**WHAT YOU NEED TO DO:**
Only the lines holding the word "ezdxf" are wanted; copy each of them from the listing.

**SUPPLIED DATA:**
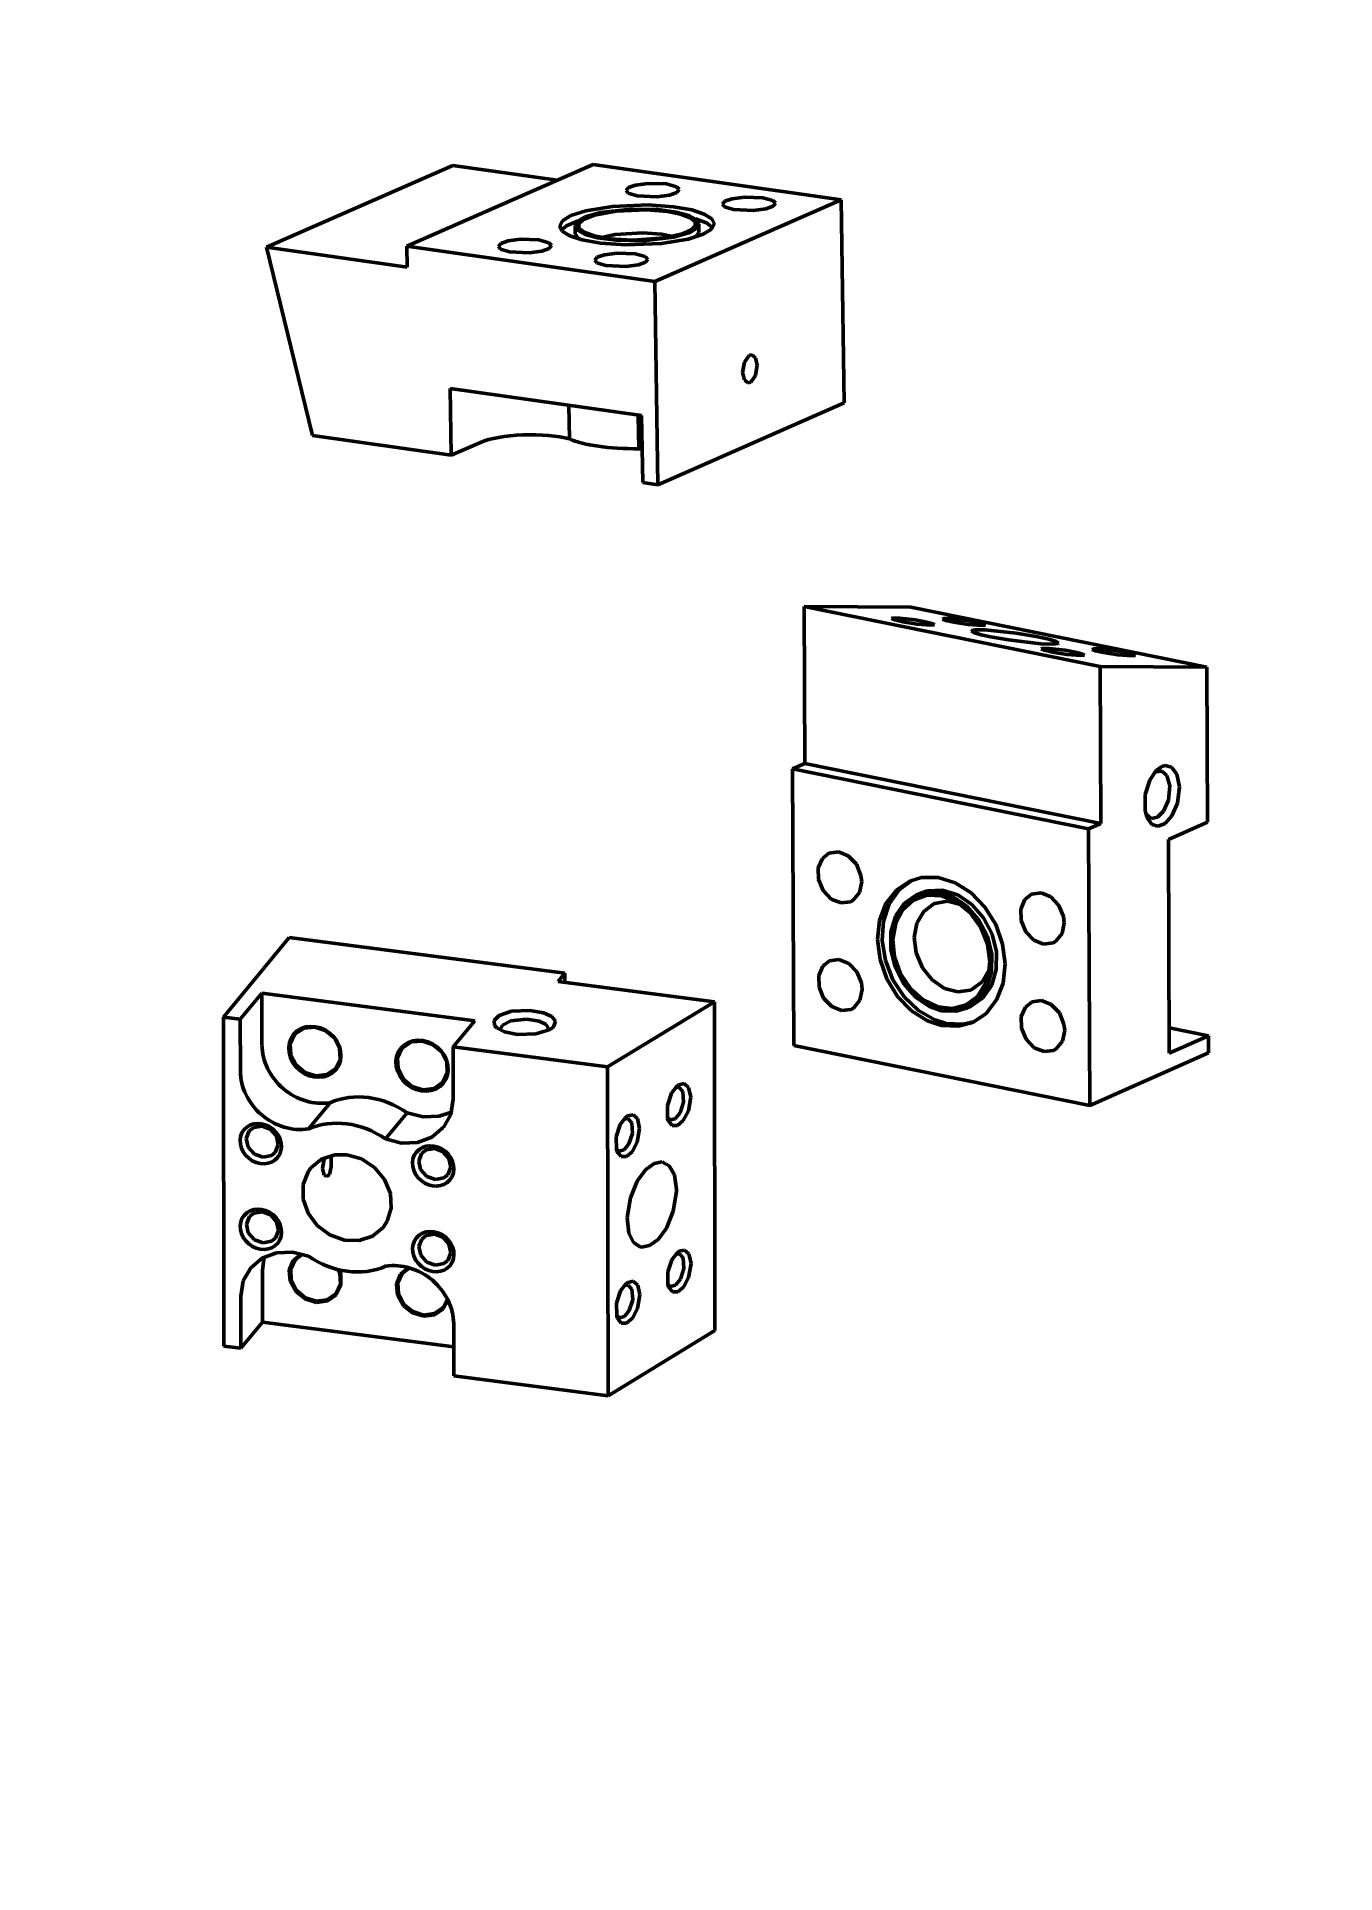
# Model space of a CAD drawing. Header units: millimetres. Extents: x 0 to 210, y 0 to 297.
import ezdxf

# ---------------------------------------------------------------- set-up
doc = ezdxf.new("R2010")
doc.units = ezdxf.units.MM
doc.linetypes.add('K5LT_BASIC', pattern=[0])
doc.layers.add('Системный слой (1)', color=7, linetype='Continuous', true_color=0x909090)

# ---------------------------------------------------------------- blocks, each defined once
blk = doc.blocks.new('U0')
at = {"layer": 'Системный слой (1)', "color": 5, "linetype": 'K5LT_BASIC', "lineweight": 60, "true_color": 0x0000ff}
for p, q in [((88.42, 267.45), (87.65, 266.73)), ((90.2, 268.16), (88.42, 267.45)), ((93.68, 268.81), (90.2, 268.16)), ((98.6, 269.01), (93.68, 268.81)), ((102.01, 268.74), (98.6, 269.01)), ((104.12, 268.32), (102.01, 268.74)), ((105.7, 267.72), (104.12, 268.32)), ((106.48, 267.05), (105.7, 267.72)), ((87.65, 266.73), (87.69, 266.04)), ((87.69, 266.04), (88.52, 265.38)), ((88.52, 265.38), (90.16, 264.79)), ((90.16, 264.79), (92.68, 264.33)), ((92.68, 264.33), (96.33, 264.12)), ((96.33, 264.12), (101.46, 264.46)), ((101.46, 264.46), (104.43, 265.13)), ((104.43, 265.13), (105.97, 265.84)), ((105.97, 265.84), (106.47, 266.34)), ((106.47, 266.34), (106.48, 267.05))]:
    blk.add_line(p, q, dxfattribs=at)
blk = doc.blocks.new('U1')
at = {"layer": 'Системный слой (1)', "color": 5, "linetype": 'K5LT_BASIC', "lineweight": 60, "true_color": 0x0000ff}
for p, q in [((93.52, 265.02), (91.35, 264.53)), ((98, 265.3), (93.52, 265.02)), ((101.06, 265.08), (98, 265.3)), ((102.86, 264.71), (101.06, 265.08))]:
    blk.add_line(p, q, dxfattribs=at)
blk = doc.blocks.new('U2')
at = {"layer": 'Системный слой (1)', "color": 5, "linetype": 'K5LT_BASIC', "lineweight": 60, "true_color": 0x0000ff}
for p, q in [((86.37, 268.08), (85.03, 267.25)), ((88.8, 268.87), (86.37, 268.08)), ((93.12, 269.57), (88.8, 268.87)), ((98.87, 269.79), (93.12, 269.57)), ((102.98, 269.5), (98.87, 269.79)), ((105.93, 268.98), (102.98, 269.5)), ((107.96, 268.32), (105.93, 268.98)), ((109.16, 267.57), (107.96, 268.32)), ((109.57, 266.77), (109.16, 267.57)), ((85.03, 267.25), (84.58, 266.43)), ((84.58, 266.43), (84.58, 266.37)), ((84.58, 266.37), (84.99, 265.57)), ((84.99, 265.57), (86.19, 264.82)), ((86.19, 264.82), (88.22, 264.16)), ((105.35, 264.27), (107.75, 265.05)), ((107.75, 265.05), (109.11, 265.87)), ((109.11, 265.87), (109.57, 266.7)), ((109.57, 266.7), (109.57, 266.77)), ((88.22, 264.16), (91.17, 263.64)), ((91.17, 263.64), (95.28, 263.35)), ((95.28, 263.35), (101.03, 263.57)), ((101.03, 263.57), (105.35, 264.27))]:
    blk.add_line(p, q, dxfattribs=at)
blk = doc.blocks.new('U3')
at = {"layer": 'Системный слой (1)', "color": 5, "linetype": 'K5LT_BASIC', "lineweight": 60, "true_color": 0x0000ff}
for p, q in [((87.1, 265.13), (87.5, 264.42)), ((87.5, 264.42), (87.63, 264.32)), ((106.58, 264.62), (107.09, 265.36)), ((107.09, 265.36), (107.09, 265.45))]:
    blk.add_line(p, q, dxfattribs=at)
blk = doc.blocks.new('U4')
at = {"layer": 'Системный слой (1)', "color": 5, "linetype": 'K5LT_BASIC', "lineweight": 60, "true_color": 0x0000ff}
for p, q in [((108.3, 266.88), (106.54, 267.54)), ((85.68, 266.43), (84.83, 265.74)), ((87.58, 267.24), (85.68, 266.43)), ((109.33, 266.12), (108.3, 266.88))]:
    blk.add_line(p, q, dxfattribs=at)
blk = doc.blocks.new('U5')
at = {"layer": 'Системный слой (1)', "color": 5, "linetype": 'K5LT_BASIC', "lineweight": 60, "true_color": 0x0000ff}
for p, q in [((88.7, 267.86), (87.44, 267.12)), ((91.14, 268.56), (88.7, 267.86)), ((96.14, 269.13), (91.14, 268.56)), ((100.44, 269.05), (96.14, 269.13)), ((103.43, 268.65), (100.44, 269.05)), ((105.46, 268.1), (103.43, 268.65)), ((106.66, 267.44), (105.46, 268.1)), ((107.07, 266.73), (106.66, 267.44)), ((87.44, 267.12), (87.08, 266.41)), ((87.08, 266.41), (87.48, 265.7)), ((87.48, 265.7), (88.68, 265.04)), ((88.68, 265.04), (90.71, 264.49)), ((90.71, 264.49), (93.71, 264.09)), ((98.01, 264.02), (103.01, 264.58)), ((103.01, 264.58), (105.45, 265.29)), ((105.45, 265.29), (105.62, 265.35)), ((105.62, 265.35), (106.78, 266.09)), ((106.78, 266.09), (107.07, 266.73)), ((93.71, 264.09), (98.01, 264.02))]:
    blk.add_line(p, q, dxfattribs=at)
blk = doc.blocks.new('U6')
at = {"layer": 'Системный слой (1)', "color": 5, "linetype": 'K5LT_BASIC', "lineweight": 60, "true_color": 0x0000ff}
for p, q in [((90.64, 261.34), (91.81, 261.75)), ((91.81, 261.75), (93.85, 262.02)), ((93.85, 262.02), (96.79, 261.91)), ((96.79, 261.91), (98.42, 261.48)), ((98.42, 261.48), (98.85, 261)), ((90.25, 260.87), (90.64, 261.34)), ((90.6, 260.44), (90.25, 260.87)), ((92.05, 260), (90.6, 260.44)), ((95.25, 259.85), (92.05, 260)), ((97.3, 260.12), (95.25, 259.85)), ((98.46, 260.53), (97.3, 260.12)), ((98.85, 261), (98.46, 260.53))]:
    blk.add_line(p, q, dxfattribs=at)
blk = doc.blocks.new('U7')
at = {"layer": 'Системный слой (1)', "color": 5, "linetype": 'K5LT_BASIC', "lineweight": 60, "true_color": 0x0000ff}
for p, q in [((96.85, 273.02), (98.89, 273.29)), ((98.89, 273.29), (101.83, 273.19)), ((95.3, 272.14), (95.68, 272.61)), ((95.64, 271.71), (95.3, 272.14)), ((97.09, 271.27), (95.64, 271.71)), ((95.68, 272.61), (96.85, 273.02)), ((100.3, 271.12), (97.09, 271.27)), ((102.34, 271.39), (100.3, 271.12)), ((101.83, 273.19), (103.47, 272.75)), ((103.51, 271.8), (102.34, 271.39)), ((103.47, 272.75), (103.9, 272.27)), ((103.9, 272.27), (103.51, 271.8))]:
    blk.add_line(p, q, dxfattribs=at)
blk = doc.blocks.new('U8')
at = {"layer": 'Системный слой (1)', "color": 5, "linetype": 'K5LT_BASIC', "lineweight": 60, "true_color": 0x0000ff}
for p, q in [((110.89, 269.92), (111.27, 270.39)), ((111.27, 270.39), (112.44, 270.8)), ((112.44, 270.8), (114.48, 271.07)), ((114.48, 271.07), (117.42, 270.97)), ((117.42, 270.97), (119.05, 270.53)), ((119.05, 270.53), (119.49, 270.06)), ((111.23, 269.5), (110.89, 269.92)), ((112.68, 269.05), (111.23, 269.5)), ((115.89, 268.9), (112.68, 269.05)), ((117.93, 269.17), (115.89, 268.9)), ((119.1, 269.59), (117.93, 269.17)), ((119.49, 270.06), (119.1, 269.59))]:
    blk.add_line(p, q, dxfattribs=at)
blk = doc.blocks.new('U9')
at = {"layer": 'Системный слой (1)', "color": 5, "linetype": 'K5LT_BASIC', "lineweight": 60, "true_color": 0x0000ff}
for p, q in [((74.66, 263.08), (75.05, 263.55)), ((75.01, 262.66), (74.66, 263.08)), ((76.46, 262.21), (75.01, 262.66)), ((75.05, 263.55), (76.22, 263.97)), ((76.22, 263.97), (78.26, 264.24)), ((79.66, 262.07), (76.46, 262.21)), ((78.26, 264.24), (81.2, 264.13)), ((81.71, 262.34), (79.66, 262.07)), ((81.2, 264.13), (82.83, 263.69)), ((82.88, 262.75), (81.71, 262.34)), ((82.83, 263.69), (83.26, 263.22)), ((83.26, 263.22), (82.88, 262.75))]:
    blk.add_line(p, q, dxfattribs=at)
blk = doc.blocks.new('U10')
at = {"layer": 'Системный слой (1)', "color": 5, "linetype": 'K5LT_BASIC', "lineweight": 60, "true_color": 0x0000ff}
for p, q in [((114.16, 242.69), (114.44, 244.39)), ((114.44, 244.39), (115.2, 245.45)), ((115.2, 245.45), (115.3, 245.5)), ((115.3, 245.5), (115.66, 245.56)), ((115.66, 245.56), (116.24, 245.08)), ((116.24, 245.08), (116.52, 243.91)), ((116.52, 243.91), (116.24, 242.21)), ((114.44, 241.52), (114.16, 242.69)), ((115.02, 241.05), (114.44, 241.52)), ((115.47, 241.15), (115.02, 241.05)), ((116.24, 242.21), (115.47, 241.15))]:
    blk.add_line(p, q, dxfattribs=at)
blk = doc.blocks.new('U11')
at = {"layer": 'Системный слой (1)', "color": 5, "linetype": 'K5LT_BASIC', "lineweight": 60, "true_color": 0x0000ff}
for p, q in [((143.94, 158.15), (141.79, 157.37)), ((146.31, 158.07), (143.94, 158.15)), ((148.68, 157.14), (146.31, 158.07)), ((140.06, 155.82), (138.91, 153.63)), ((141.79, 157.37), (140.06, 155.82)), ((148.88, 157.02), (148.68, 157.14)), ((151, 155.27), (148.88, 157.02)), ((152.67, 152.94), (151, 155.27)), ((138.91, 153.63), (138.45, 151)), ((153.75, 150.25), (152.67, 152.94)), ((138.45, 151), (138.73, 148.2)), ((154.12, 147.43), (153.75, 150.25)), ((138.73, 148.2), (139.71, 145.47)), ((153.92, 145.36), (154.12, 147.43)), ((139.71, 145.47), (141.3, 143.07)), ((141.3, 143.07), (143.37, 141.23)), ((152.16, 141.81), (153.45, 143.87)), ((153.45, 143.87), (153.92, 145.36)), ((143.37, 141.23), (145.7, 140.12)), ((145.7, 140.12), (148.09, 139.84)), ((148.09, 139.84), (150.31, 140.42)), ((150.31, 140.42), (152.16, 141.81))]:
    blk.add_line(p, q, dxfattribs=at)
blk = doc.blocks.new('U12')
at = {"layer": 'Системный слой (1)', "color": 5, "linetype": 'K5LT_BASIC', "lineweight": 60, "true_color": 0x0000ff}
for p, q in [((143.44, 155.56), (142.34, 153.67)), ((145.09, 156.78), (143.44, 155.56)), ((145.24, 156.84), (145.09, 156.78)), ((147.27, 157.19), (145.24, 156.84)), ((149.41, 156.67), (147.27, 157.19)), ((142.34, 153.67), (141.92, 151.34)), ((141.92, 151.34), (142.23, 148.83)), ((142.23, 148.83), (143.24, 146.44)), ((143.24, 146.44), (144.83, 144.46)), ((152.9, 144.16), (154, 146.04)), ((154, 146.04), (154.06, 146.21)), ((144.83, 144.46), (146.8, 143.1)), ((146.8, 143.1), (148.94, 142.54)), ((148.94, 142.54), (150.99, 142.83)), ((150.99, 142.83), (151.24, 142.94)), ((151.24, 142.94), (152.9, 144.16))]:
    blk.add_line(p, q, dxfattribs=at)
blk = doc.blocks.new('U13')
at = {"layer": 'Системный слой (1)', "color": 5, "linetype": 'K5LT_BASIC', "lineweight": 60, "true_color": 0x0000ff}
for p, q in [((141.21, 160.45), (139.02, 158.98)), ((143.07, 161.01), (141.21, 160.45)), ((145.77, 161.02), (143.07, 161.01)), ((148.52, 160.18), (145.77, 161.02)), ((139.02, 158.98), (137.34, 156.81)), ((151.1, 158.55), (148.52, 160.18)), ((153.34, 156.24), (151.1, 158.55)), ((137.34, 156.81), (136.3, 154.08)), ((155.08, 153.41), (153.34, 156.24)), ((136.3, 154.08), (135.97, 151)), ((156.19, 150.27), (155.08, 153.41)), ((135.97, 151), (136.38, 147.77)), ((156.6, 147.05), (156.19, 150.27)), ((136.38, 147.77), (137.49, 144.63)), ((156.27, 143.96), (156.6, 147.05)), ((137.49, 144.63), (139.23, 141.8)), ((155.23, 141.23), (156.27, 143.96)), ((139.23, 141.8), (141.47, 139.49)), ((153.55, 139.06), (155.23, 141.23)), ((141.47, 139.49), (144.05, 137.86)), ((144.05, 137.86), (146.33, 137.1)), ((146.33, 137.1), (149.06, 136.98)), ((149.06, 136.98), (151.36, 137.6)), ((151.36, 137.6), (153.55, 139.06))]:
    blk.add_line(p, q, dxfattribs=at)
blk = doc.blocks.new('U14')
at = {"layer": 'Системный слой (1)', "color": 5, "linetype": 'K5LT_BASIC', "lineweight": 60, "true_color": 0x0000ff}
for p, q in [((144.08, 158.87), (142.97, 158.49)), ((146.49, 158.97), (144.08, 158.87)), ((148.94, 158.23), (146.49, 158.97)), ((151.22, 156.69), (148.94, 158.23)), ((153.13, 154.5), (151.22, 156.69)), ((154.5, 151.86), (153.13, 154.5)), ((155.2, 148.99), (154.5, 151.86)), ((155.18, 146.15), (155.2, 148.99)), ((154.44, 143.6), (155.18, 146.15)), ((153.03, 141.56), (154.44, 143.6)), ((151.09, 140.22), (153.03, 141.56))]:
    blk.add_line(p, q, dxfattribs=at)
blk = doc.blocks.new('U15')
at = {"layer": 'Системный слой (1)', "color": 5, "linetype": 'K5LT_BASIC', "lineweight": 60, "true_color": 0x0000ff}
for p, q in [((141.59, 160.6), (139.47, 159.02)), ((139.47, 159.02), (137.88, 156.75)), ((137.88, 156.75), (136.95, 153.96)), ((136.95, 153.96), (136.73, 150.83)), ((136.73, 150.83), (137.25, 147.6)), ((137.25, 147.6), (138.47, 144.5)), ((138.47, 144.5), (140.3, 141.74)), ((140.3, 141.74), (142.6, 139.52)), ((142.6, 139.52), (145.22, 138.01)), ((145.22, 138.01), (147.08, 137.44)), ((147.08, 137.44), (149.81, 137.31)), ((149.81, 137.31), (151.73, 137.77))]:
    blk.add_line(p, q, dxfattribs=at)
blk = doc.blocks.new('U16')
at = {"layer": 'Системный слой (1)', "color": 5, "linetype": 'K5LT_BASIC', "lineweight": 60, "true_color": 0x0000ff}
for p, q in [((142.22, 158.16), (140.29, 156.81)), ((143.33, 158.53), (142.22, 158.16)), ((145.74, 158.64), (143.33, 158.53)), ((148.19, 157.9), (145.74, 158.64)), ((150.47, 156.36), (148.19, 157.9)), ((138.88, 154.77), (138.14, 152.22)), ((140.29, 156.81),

**TASK SOLUTION:**
import ezdxf
doc = ezdxf.new("R2010")
doc.units = ezdxf.units.MM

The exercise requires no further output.